** Dataset items **
^^^^^^^^

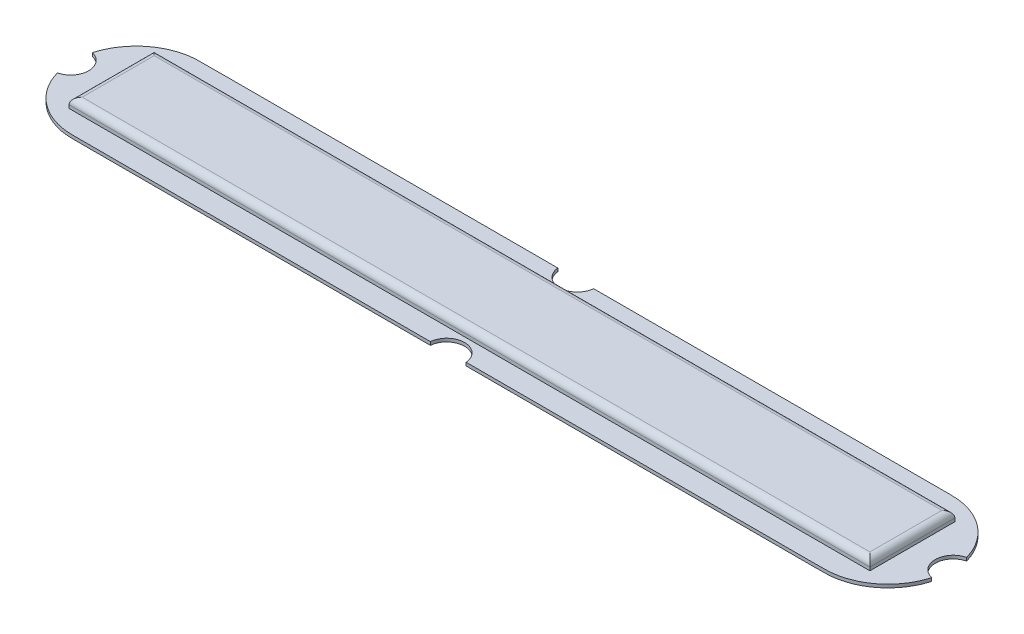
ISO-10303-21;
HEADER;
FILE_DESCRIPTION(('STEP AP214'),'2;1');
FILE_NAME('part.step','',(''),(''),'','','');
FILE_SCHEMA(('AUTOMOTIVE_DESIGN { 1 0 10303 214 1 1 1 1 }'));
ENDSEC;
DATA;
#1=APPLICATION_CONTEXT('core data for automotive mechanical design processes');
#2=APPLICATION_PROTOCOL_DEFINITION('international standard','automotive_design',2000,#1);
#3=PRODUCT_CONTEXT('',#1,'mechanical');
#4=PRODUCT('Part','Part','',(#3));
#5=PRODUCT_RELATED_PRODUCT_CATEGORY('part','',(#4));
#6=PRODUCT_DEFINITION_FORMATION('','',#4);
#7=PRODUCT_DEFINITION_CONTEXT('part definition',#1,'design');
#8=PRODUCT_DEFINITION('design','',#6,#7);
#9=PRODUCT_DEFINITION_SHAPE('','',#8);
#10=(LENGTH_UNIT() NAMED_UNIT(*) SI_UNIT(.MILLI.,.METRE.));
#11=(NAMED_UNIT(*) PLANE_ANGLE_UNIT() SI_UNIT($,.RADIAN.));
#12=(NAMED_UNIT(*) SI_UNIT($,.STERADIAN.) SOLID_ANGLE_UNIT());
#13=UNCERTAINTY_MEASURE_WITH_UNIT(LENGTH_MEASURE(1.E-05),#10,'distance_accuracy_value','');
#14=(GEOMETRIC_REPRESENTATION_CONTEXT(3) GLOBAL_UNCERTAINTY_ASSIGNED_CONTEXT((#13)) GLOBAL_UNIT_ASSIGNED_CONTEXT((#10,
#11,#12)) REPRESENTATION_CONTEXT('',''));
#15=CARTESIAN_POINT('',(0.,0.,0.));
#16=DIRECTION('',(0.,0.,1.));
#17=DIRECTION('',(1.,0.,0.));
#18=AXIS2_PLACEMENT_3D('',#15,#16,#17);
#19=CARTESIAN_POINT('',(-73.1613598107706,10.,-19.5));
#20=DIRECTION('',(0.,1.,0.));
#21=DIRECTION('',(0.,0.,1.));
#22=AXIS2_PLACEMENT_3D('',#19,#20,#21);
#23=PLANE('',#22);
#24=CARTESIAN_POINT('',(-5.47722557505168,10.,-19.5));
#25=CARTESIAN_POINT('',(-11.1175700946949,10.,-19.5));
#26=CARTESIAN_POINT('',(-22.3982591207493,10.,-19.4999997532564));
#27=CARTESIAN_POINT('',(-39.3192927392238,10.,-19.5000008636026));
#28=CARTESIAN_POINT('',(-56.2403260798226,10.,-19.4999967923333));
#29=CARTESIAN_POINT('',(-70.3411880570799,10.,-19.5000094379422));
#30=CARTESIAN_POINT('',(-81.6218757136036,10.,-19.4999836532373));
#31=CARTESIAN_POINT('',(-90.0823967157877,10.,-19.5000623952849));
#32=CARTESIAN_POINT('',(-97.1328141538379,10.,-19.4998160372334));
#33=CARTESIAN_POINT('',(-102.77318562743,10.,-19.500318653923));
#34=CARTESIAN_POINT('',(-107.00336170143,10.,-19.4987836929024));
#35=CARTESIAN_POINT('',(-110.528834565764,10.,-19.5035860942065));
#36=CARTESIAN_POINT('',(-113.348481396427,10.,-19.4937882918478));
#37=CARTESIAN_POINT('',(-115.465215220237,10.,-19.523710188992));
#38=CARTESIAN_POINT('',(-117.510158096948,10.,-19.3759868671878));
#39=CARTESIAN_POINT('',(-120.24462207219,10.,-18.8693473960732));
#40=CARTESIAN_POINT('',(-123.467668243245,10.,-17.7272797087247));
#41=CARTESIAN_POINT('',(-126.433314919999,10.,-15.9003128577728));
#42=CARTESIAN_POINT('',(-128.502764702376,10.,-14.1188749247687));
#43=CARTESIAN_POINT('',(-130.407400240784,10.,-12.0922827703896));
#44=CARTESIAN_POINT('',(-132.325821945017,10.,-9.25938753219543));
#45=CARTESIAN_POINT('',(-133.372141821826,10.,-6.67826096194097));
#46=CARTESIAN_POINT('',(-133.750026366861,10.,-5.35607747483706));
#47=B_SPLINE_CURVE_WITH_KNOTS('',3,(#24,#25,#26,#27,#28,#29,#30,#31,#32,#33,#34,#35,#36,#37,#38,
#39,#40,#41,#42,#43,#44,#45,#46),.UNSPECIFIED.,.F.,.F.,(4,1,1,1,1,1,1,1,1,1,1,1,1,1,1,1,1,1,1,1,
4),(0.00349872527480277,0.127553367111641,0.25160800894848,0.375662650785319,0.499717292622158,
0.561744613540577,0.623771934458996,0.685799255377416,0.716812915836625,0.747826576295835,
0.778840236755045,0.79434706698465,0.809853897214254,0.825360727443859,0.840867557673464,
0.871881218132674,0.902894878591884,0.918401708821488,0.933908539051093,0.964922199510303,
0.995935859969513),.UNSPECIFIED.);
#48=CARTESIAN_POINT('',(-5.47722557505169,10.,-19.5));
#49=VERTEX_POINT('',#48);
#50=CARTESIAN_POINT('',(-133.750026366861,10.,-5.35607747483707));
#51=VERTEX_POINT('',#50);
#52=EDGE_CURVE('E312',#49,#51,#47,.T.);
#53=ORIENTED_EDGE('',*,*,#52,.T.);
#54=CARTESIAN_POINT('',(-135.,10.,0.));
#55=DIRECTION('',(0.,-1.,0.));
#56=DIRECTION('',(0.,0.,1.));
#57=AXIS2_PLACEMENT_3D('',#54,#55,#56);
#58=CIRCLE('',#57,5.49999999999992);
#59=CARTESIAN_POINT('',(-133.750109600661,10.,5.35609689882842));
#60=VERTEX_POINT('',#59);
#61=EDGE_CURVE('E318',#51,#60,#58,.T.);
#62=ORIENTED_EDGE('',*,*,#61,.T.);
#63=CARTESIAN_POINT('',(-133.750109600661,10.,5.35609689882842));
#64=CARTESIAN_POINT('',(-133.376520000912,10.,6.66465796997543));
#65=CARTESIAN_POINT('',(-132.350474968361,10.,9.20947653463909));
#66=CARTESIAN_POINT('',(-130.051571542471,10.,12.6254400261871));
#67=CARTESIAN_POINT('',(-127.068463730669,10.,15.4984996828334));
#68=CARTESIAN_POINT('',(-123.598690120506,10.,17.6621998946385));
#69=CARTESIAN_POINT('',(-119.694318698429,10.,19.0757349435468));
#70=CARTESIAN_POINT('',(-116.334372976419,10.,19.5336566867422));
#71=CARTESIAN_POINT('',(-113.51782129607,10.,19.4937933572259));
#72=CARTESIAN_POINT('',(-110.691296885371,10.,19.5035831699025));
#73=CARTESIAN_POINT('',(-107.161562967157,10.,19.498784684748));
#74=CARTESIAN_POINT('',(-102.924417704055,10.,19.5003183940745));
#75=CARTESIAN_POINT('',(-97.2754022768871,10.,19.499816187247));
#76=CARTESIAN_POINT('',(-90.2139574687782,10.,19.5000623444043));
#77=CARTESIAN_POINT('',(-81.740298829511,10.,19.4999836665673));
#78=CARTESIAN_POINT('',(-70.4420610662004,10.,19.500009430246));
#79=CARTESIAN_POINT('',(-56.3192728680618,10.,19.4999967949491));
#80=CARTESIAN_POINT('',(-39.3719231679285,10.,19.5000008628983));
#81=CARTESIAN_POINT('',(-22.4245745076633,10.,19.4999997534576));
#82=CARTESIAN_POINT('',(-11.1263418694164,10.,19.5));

^^^^^^^^

** What you have to do **
Wherever the word "UNSPECIFIED" turns up in the records above, copy the line that holds it.

** Task solution **
#39,#40,#41,#42,#43,#44,#45,#46),.UNSPECIFIED.,.F.,.F.,(4,1,1,1,1,1,1,1,1,1,1,1,1,1,1,1,1,1,1,1,
0.995935859969513),.UNSPECIFIED.);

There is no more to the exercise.